Na próxima sexta-feira, dia 5, às 10 horas, na sala 2077 do Instituto de Ciências Exatas da UFMG, o Programa de Pós-Graduação em Ciência da Computação (PPGCC) da UFMG promoverá, como parte da série “Seminários da Pós”, uma palestra com o pós-doutorando do Departamento de Ciência da Computação (DCC), David Perera, orientando do professor do DCC Haniel Moreira Barbosa, intitulada “Ambiguity and Invariance in Machine Listening”. A palestra é aberta ao público interessado e não requer inscrição prévia.
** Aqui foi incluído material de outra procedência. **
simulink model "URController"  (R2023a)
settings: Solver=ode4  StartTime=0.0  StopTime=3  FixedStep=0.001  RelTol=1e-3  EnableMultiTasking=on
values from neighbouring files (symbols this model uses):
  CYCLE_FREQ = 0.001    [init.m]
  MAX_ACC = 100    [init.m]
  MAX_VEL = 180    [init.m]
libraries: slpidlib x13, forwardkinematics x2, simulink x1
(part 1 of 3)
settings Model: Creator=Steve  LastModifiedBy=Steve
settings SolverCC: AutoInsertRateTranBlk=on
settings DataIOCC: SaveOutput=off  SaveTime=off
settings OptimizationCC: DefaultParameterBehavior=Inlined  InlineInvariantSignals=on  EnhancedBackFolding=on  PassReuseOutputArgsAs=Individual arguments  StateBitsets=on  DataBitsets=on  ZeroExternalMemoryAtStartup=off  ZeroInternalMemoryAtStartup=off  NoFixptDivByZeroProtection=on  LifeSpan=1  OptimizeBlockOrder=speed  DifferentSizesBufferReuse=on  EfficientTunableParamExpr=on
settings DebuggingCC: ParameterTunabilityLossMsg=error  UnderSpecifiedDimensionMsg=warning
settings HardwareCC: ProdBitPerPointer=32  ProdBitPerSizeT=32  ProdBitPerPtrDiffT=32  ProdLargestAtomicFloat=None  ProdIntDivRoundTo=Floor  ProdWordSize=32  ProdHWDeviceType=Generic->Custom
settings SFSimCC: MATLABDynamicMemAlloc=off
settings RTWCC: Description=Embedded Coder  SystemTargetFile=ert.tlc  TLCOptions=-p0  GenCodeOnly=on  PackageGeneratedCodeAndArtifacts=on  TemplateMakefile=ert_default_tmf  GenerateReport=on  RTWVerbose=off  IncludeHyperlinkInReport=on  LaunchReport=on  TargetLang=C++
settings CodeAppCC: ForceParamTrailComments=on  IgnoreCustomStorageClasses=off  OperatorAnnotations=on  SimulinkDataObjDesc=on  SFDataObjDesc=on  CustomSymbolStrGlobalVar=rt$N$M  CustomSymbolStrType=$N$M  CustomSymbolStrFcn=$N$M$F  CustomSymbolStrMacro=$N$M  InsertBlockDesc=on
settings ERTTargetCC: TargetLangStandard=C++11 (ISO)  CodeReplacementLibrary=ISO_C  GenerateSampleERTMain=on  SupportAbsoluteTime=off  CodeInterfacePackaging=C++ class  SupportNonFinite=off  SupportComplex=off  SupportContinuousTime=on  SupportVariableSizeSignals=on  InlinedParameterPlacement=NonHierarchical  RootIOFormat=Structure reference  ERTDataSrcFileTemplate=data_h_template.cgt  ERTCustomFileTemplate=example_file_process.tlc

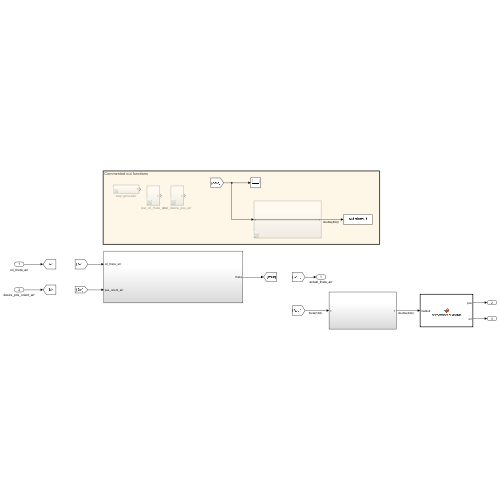
[thumbnail: Simulink's stored preview of the top-level diagram]
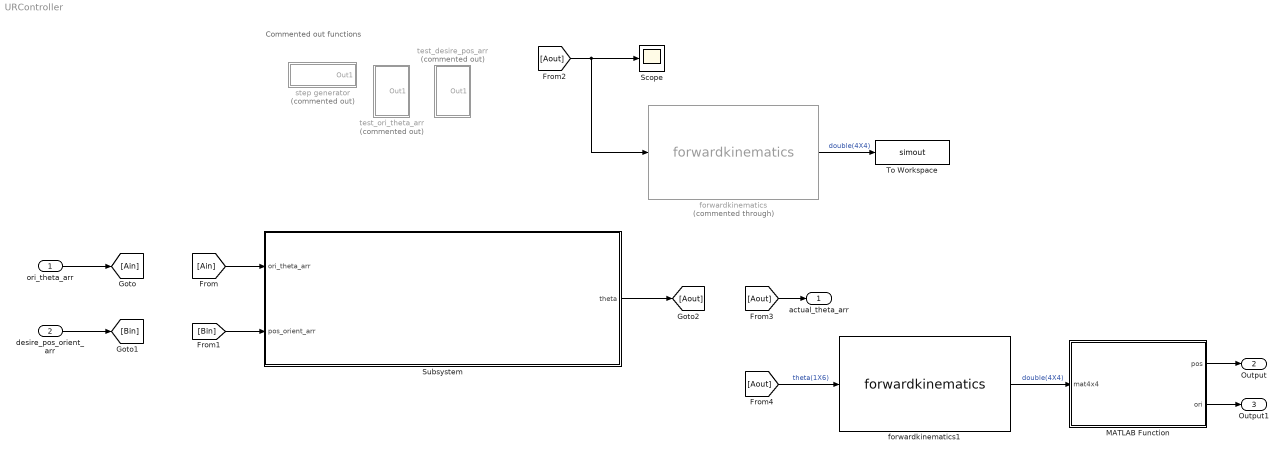
== system URController ==
  note: Commented out functions
  ori_theta_arr : Inport  OutDataTypeStr=double  PortDimensions=6
  desire_pos_orient_arr : Inport  Port=2  OutDataTypeStr=double  PortDimensions=6
  MATLAB Function : MATLAB Function  TreatAsAtomicUnit=on
  Scope : Scope
  Subsystem : Subsystem
  To Workspace : ToWorkspace  VariableName=simout  SaveFormat=Timeseries  SampleTime=-1
  forwardkinematics : forwardkinematics/forwardkinematics  Commented=through  SystemSampleTime=-1  VariantActivationTime=update diagram  Latency=0  AutoFrameSizeCalculation=off
      settings: SourceProductName=My Library
  forwardkinematics1 : forwardkinematics/forwardkinematics  SystemSampleTime=-1  VariantActivationTime=update diagram  Latency=0  AutoFrameSizeCalculation=off
      settings: SourceProductName=My Library
  step generator : Subsystem  Commented=on
  test_desire_pos_arr : Subsystem  Commented=on
  test_ori_theta_arr : Subsystem  Commented=on
  actual_theta_arr : Outport  OutDataTypeStr=double  PortDimensions=6
  Output : Outport  Port=2
  Output1 : Outport  Port=3
  wires:
  [Aout] -> Scope/1, forwardkinematics/1
  forwardkinematics/1 -> To Workspace/1  "double(4X4)"
  [Ain] -> Subsystem/1(ori_theta_arr)
  [Bin] -> Subsystem/2(pos_orient_arr)
  Subsystem/1(theta) -> [Aout]
  [Aout] -> actual_theta_arr/1
  [Aout] -> forwardkinematics1/1  "theta(1X6)"
  ori_theta_arr/1 -> [Ain]
  desire_pos_orient_arr/1 -> [Bin]
  forwardkinematics1/1 -> MATLAB Function/1(mat4x4)  "double(4X4)"
  MATLAB Function/1(pos) -> Output/1
  MATLAB Function/2(ori) -> Output1/1

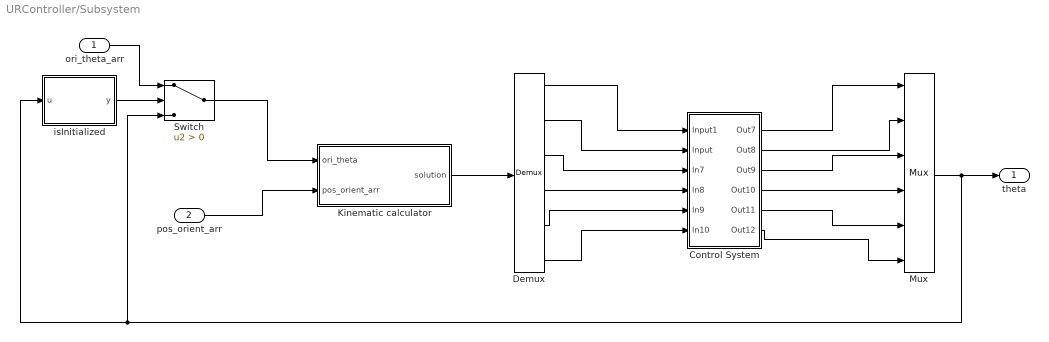
== system URController/Subsystem ==
  ori_theta_arr : Inport
  pos_orient_arr : Inport  Port=2
  Control System : Subsystem
  Demux : Demux  Outputs=6
  Kinematic calculator : Subsystem
  Mux : Mux  Inputs=6
  Switch : Switch  Criteria=u2 > Threshold  SaturateOnIntegerOverflow=off  InputSameDT=off
  isInitialized : MATLAB Function  TreatAsAtomicUnit=on
  theta : Outport
  wires:
  Mux/1 -> theta/1, isInitialized/1(u), Switch/3
  ori_theta_arr/1 -> Switch/1
  Switch/1 -> Kinematic calculator/1(ori_theta)
  Kinematic calculator/1(solution) -> Demux/1
  pos_orient_arr/1 -> Kinematic calculator/2(pos_orient_arr)
  isInitialized/1(y) -> Switch/2
  Demux/1 -> Control System/1(Input1)
  Demux/2 -> Control System/2(Input)
  Demux/3 -> Control System/3(In7)
  Demux/4 -> Control System/4(In8)
  Demux/5 -> Control System/5(In9)
  Demux/6 -> Control System/6(In10)
  Control System/1(Out7) -> Mux/1
  Control System/2(Out8) -> Mux/2
  Control System/3(Out9) -> Mux/3
  Control System/4(Out10) -> Mux/4
  Control System/5(Out11) -> Mux/5
  Control System/6(Out12) -> Mux/6

== system URController/step generator ==
  Clock : Clock
  Constant12 : Constant
  Constant13 : Constant  Value=[1 , 5 , 10 ,15]
  Floor : Rounding
  Selector : Selector  InputPortWidth=4  IndexOptions=Index vector (port)  Indices=[1 3]  OutputSizes=1
  Sum6 : Sum  Inputs=|++
  Out1 : Outport
  wires:
  Constant12/1 -> Sum6/2
  Constant13/1 -> Selector/1
  Selector/1 -> Out1/1
  Sum6/1 -> Floor/1
  Floor/1 -> Selector/2  "alpha"
  Clock/1 -> Sum6/1

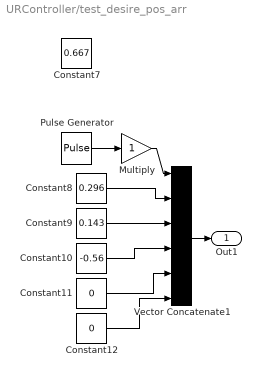
== system URController/test_desire_pos_arr ==
  Constant10 : Constant  Value=-0.56  OutDataTypeStr=double
  Constant11 : Constant  Value=0  OutDataTypeStr=double
  Constant12 : Constant  Value=0  OutDataTypeStr=double
  Constant7 : Constant  Value=0.667  OutDataTypeStr=double
  Constant8 : Constant  Value=0.296  OutDataTypeStr=double
  Constant9 : Constant  Value=0.143  OutDataTypeStr=double
  Multiply : Gain
  Pulse Generator : DiscretePulseGenerator  PulseType=Time based  Amplitude=0.01  Period=1  PulseWidth=20
  Vector Concatenate1 : Concatenate  NumInputs=6
  Out1 : Outport
  wires:
  Vector Concatenate1/1 -> Out1/1
  Constant12/1 -> Vector Concatenate1/6
  Constant11/1 -> Vector Concatenate1/5
  Constant9/1 -> Vector Concatenate1/3
  Constant10/1 -> Vector Concatenate1/4
  Pulse Generator/1 -> Multiply/1
  Constant8/1 -> Vector Concatenate1/2
  Multiply/1 -> Vector Concatenate1/1

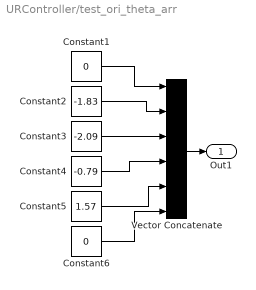
== system URController/test_ori_theta_arr ==
  Constant1 : Constant  Value=0  OutDataTypeStr=double
  Constant2 : Constant  Value=-1.83  OutDataTypeStr=double
  Constant3 : Constant  Value=-2.09  OutDataTypeStr=double
  Constant4 : Constant  Value=-0.79  OutDataTypeStr=double
  Constant5 : Constant  Value=1.57  OutDataTypeStr=double
  Constant6 : Constant  Value=0  OutDataTypeStr=double
  Vector Concatenate : Concatenate  NumInputs=6
  Out1 : Outport
  wires:
  Constant3/1 -> Vector Concatenate/3
  Constant4/1 -> Vector Concatenate/4
  Constant2/1 -> Vector Concatenate/2
  Constant1/1 -> Vector Concatenate/1
  Constant6/1 -> Vector Concatenate/6
  Constant5/1 -> Vector Concatenate/5
  Vector Concatenate/1 -> Out1/1

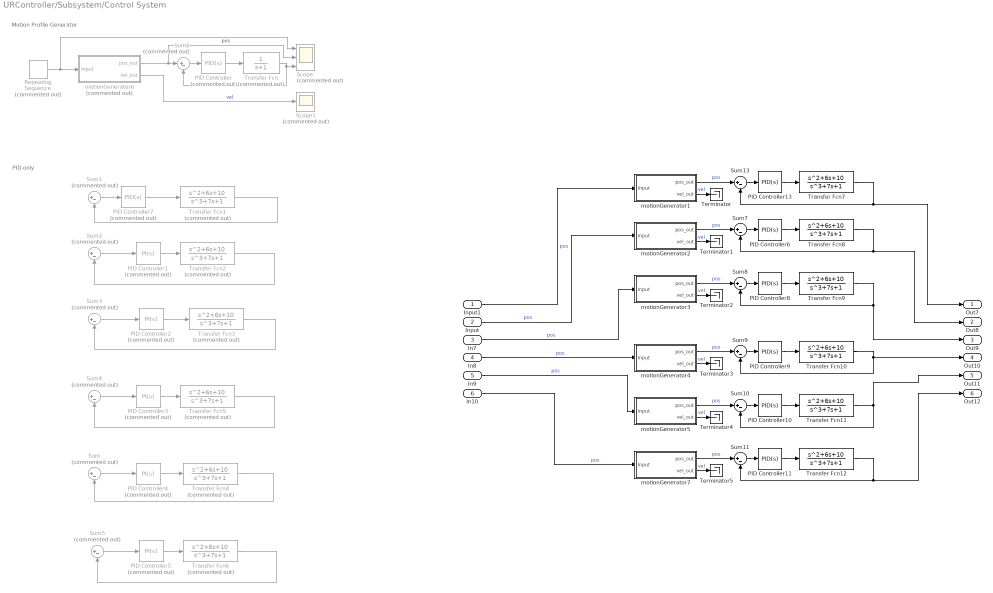
== system URController/Subsystem/Control System ==
  note: PID only
  note: Motion Profile Generator
  Input1 : Inport
  Input : Inport  Port=2
  In7 : Inport  Port=3
  In8 : Inport  Port=4
  In9 : Inport  Port=5
  In10 : Inport  Port=6
  PID Controller : slpidlib/PID Controller  Commented=on  Controller=PID  Form=Parallel  TimeDomain=Continuous-time  UseExternalTs=off  SampleTime=-1  IntegratorMethod=Forward Euler  FilterMethod=Forward Euler  ControllerParametersSource=internal  P=16.8294093394131  I=84.3967388731047  UseKiTs=off  D=-0.0900818829328251  N=186.823463181414  UseFilter=on  TunerSelectOption=Transfer Function Based (PID Tuner App)  InitialConditionSource=internal  InitialConditionForIntegrator=0  InitialConditionForFilter=0  DifferentiatorICPrevScaledInput=0  ExternalReset=none  TrackingMode=off  Kt=1  LimitOutput=off  SatLimitsSource=internal  UpperSaturationLimit=inf  LowerSaturationLimit=-inf  LinearizeAsGain=on  AntiWindupMode=none  Kb=1  LimitIntegrator=off  UpperIntegratorSaturationLimit=inf  LowerIntegratorSaturationLimit=-inf  POutMin=[]  POutMax=[]  IOutMin=[]  IOutMax=[]  DOutMin=[]  DOutMax=[]  NOutMin=[]  NOutMax=[]  SumOutMin=[]  SumOutMax=[]  SaturationOutMin=[]  SaturationOutMax=[]  PParamMin=[]  PParamMax=[]  IParamMin=[]  IParamMax=[]  DParamMin=[]  DParamMax=[]  NParamMin=[]  NParamMax=[]  KbParamMin=[]  KbParamMax=[]  KtParamMin=[]  KtParamMax=[]  KbOutMin=[]  KbOutMax=[]  KtOutMin=[]  KtOutMax=[]  IntegratorOutMin=[]  IntegratorOutMax=[]  FilterOutMin=[]  FilterOutMax=[]  SumI1OutMin=[]  SumI1OutMax=[]  SumI2OutMin=[]  SumI2OutMax=[]  SumI3OutMin=[]  SumI3OutMax=[]  SumI4OutMin=[]  SumI4OutMax=[]  SumDOutMin=[]  SumDOutMax=[]  DifferentiatorOutMin=[]  DifferentiatorOutMax=[]  FilterDiffOutCoefMin=[]  FilterDiffOutCoefMax=[]  ReciprocalOutMin=[]  ReciprocalOutMax=[]  SumDenOutMin=[]  SumDenOutMax=[]  SumNumOutMin=[]  SumNumOutMax=[]  DivideOutMin=[]  DivideOutMax=[]  UdiffTsProdOutMin=[]  UdiffTsProdOutMax=[]  NTsProdOutMin=[]  NTsProdOutMax=[]  UintegralTsProdOutMin=[]  UintegralTsProdOutMax=[]  UngainTsProdOutMin=[]  UngainTsProdOutMax=[]  ClampingZeroOutDataTypeStr=Inherit: Inherit via back propagation  ClampingZeroOutMin=[]  ClampingZeroOutMax=[]  FilterDenConstantOutDataTypeStr=Inherit: Inherit via back propagation  FilterDenConstantOutMin=[]  FilterDenConstantOutMax=[]  PCopyOutDataTypeStr=Inherit: Inherit via back propagation  PCopyOutMin=[]  PCopyOutMax=[]  NCopyOutDataTypeStr=Inherit: Inherit via back propagation  NCopyOutMin=[]  NCopyOutMax=[]  IntegratorContinuousStateAttributes=''  IntegratorStateMustResolveToSignalObject=off  IntegratorRTWStateStorageClass=Auto  FilterContinuousStateAttributes=''  FilterStateMustResolveToSignalObject=off  FilterRTWStateStorageClass=Auto  ParallelPVariant=InternalParameters  IdealPVariant=Disabled  IVariant=InternalParameters  DVariant=InternalParameters  IntegratorVariant=Continuous  SatVariant=Disabled  AWVariant=Passthrough  PCopyVariant=Disabled  TRVariant=Disabled  FdbkBlocksVariant=Forward  IdealPFdbkVariant=Disabled  SatFdbkVariant=Disabled  DerivativeFilterVariant=ContFilter  NVariant=InternalParameters  NCopyVariant=Disabled  FilterICVariant=InternalICsFilter  IntegratorICVariant=InternalICs  ExternalResetVariant=Disabled  TRSumVariant=Passthrough  SumFdbkVariant=Disabled  SumVariant=Sum_PID  TsampFilterVariant=InternalTs  TsampNgainVariant=Passthrough  TsampIntegralVariant=Disabled_SignalSpec  ExternalSaturationOutDataTypeStr=Inherit: Same as second input
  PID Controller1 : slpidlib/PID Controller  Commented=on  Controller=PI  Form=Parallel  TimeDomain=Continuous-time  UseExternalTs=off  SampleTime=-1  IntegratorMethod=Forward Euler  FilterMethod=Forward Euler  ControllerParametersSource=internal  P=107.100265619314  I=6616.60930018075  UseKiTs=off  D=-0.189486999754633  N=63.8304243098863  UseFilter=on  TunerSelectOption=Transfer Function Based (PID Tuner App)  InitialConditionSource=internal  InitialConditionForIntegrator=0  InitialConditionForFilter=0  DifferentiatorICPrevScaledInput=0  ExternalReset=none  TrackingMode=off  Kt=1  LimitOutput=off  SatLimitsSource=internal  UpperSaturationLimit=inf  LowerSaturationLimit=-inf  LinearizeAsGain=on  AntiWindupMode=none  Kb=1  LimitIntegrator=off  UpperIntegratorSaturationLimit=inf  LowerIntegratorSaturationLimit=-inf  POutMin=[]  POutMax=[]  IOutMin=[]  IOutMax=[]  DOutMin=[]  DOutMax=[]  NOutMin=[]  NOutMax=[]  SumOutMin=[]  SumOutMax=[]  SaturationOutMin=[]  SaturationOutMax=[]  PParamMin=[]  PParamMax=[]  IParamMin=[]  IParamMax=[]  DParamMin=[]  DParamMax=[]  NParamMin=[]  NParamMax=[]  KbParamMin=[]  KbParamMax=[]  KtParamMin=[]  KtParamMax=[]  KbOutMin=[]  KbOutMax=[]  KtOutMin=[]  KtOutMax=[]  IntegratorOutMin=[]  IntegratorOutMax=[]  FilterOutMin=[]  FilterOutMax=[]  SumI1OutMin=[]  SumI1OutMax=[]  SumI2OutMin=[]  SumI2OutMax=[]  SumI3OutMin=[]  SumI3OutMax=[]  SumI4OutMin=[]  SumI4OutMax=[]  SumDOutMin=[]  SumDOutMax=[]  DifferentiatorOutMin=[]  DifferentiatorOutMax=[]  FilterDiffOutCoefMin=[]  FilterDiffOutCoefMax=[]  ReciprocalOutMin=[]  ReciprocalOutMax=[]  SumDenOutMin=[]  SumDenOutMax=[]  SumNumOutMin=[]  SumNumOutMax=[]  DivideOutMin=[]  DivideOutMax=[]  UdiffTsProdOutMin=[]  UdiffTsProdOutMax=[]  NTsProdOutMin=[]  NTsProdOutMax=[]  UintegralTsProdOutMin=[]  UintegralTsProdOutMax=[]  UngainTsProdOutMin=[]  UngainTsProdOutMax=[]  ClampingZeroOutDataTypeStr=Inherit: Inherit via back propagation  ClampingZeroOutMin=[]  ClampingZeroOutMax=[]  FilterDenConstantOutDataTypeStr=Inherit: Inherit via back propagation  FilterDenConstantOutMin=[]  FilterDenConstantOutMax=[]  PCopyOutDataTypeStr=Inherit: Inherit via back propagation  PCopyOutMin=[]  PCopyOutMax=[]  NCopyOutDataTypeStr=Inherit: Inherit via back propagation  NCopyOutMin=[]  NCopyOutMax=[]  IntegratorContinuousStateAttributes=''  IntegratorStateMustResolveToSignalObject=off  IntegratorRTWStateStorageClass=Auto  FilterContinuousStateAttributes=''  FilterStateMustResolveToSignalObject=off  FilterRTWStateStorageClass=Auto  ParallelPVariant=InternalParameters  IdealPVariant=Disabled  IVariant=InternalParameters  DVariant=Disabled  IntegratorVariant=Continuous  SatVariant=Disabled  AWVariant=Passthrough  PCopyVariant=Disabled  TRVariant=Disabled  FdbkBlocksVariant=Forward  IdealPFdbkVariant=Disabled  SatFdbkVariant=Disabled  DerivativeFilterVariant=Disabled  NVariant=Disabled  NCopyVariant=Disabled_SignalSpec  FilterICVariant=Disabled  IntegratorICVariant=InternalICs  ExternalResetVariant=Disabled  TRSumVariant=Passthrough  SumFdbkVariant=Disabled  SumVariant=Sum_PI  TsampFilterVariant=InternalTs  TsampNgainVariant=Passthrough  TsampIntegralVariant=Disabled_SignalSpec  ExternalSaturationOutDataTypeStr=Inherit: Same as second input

Abstract: Machine listening is a growing field with several important industrial applications such as security (e.g., audio surveillance), manufacturing industry (e.g., predictive maintenance) and bioacoustics (e.g., ecosystem evolution tracking). It covers a wide array of tasks with practical interest: audio captioning, sound source localization, speech separation… Many tasks in this field are ambiguous (i.e., they are supervised tasks where the relation between input and target is non-deterministic). Ambiguous tasks challenge the use of single-prediction neural networks, which is customary in the supervised setting.
In order to mitigate ambiguity, we use Multiple Choice Learning (MCL), a framework that trains a multi-head neural network to provide a small set of plausible and diverse predictions, using a competitive scheme that promotes the specialization of the predictions in distinct regions of the prediction space. We focus on two extensions of this method, which illustrate its flexibility and demonstrate its effectiveness for machine listening, both from the empirical and the theoretical point of view. First, we show how simulated annealing, an optimization procedure inspired by the cooling of materials, can be leveraged to guide the trained network closer to an optimal solution of the MCL objective. Second, we show how to extend the discrete predictions of MCL to build a non-sparse estimator of the target probability distribution that has strong asymptotic convergence guarantees. Through these examples, we demonstrate that MCL is a powerful and versatile training scheme, which offers a wide array of applications and features interesting connections with the literature.
Keywords: multiple choice learning, machine listening.